:: SUPPLIED RECORDS

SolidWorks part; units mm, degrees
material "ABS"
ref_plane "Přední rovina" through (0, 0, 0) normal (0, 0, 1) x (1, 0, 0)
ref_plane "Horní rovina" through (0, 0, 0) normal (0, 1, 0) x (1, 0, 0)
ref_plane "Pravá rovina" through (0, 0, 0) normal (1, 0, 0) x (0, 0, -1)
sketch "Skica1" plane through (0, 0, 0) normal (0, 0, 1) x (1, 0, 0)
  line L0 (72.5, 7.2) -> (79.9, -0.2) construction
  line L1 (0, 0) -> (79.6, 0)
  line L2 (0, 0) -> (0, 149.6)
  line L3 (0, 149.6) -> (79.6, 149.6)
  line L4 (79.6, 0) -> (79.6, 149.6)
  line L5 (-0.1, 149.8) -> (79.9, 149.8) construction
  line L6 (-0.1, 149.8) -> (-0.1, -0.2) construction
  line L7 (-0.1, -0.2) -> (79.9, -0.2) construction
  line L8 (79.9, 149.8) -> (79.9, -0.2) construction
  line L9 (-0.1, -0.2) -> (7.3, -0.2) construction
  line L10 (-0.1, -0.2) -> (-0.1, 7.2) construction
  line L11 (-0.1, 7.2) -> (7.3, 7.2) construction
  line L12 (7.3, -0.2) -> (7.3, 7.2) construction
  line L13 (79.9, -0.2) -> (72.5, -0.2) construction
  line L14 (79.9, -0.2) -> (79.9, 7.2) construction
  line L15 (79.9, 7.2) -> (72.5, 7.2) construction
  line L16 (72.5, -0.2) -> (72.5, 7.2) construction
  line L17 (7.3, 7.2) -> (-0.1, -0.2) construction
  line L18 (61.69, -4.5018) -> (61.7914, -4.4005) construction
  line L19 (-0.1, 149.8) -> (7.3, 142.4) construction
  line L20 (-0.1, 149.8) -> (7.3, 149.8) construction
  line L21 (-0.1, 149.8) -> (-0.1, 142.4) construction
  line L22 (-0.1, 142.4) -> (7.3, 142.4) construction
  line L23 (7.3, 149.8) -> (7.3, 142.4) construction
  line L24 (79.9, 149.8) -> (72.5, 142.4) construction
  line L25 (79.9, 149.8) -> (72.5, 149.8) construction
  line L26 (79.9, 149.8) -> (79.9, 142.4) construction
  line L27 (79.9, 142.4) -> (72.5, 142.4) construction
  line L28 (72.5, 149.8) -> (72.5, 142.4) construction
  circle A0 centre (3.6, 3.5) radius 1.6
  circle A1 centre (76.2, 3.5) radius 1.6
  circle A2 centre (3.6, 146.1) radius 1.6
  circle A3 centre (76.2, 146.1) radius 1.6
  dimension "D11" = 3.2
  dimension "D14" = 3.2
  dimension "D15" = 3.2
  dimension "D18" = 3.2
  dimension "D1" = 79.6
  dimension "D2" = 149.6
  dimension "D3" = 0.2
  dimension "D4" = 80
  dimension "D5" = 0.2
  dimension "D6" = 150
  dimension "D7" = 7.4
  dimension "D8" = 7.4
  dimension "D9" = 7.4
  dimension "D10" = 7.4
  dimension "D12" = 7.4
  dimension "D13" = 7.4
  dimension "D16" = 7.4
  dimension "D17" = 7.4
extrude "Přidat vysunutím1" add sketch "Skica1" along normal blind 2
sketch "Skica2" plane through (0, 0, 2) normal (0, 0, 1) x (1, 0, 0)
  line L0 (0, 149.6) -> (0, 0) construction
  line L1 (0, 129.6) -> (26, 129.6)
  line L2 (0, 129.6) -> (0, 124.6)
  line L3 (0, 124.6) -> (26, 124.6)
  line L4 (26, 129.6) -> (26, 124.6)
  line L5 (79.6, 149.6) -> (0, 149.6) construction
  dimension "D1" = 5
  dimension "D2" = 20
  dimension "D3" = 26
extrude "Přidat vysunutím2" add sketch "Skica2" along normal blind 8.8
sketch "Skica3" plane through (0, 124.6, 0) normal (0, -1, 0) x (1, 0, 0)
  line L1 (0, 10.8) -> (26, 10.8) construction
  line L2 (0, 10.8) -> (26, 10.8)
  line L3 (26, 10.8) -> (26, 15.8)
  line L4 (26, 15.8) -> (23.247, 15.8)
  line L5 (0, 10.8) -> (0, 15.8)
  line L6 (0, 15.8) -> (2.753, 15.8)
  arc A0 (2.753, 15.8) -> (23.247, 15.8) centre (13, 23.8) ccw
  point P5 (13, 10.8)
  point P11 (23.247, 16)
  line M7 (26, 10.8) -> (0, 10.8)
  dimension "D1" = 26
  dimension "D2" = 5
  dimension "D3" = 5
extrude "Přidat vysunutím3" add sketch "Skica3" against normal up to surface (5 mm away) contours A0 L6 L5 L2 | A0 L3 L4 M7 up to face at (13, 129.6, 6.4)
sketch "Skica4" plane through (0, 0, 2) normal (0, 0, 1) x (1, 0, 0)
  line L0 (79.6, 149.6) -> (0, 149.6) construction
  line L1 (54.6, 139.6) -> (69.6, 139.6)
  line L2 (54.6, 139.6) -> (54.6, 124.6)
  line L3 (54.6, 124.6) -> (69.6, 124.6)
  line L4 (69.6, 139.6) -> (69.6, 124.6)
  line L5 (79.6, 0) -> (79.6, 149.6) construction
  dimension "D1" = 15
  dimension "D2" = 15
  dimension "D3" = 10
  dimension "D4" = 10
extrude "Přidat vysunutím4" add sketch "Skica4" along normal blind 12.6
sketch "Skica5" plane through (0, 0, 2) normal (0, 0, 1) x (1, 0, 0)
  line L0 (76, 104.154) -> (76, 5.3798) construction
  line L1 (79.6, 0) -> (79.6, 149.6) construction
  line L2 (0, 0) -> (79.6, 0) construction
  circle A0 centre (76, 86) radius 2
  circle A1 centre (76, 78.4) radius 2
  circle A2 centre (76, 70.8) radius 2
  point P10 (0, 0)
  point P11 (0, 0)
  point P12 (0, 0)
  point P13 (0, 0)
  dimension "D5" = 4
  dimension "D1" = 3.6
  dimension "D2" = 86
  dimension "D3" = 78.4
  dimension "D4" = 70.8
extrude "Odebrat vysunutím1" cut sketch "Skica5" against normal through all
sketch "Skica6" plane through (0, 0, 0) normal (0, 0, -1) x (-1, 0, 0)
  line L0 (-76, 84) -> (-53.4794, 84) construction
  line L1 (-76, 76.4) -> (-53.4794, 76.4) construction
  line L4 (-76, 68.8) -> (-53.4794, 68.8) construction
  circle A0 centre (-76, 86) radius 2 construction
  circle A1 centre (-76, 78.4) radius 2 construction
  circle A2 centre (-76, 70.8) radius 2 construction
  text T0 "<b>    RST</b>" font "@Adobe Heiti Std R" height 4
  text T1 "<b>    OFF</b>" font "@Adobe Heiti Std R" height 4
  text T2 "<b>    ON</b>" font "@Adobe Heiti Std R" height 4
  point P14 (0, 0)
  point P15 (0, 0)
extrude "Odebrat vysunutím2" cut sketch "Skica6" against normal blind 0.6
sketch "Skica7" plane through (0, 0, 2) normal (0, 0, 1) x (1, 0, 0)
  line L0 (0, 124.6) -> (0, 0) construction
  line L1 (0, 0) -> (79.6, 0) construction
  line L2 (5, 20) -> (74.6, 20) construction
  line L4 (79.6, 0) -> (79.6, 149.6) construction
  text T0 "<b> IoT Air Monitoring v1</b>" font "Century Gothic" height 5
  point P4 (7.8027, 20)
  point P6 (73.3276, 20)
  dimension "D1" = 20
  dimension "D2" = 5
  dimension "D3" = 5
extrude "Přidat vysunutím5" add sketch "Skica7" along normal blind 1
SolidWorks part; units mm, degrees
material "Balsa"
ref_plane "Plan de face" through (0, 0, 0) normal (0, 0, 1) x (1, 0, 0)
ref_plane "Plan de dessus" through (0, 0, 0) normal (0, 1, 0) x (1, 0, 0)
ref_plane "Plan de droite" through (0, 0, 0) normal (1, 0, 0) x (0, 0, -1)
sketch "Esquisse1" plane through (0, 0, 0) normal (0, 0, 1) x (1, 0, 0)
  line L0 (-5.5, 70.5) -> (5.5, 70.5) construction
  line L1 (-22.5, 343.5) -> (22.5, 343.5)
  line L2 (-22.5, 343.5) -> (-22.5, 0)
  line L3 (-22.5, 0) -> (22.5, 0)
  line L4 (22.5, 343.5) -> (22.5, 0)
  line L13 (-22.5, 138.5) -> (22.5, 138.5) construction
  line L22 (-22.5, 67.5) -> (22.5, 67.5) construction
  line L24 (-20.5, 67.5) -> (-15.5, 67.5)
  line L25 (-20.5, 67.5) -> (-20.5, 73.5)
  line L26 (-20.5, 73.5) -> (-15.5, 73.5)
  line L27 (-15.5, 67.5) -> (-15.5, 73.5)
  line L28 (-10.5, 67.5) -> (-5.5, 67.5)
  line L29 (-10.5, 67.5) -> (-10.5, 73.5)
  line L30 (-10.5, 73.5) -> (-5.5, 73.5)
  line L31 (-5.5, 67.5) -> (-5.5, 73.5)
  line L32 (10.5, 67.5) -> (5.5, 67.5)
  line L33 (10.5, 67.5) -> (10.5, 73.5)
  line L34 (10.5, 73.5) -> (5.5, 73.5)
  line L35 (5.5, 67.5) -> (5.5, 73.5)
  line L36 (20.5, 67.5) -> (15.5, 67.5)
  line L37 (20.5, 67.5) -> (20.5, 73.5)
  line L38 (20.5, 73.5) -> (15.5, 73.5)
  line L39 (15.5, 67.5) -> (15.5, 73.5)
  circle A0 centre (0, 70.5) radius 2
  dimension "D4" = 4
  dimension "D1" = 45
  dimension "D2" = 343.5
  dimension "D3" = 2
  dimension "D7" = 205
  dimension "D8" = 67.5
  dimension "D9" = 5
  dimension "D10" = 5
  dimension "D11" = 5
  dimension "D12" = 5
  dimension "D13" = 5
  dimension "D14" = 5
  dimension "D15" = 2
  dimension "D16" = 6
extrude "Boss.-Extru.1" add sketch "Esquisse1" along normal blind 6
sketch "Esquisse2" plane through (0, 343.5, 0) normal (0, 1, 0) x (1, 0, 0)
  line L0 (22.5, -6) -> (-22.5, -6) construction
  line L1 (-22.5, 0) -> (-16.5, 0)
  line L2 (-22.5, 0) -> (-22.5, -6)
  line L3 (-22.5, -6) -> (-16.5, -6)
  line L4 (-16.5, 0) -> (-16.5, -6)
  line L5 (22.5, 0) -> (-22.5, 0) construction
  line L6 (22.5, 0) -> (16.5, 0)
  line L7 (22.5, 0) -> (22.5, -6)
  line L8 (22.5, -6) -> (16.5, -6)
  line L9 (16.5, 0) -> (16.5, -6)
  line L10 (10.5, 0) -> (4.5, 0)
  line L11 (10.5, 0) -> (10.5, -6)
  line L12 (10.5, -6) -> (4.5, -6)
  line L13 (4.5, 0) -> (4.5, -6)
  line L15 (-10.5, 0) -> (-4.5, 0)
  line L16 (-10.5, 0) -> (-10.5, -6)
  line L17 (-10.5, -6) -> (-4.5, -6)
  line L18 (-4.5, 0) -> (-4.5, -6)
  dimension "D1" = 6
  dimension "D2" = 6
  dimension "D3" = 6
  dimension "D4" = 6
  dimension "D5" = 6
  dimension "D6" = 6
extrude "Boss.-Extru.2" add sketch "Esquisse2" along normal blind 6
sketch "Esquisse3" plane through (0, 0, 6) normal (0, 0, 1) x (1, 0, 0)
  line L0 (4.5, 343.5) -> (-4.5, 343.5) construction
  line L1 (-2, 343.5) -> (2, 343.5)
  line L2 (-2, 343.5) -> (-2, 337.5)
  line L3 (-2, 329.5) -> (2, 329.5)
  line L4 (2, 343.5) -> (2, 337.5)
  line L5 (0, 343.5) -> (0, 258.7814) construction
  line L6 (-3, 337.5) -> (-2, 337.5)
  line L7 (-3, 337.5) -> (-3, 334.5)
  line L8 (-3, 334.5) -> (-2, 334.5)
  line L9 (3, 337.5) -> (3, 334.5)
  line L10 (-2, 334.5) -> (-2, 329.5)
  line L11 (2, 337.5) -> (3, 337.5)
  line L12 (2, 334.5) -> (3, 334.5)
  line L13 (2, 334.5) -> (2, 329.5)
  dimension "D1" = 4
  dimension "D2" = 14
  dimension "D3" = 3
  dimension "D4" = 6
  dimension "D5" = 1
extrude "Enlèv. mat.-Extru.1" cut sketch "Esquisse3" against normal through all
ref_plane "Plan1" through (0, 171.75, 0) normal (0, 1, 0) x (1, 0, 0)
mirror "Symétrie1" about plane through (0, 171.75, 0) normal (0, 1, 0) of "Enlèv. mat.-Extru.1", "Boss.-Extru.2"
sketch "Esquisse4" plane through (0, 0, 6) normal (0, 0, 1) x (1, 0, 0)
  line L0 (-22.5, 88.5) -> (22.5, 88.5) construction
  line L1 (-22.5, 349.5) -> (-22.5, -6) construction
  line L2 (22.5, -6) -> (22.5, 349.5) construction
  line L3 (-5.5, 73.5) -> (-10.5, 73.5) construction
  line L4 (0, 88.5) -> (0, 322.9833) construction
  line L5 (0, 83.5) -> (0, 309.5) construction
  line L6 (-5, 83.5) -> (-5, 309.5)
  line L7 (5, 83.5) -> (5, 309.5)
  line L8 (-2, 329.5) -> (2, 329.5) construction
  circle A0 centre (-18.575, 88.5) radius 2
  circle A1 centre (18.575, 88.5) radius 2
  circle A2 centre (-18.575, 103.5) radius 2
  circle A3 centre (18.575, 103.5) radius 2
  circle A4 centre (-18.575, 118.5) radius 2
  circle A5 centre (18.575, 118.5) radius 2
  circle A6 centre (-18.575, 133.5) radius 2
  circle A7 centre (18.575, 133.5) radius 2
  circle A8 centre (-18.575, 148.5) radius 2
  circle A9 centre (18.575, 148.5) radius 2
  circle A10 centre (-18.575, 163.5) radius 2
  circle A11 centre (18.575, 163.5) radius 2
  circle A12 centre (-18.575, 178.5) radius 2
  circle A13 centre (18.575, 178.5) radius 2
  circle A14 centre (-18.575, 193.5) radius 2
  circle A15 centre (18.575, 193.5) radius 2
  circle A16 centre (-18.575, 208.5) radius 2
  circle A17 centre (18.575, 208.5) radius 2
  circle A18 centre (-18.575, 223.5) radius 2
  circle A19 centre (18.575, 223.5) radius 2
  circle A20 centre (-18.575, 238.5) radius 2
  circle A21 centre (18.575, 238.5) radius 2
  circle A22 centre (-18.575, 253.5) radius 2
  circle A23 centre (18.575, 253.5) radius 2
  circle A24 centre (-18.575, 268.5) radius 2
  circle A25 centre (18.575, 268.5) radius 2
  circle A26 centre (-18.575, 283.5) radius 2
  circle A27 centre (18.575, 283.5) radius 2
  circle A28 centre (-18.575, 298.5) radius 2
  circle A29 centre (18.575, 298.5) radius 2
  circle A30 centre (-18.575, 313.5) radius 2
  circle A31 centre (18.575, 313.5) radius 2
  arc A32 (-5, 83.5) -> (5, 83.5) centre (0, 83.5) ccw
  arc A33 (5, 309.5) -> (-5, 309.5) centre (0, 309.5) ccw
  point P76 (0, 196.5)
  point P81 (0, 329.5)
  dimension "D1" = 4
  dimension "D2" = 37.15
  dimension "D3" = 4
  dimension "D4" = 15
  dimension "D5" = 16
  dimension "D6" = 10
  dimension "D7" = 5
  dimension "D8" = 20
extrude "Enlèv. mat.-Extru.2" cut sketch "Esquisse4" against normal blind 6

::::

## EXERCISE DESCRIPTION
Find each line in the records holding the string "Heiti" and show it.

## WORKED SOLUTION
  text T0 "<b>    RST</b>" font "@Adobe Heiti Std R" height 4
  text T1 "<b>    OFF</b>" font "@Adobe Heiti Std R" height 4
  text T2 "<b>    ON</b>" font "@Adobe Heiti Std R" height 4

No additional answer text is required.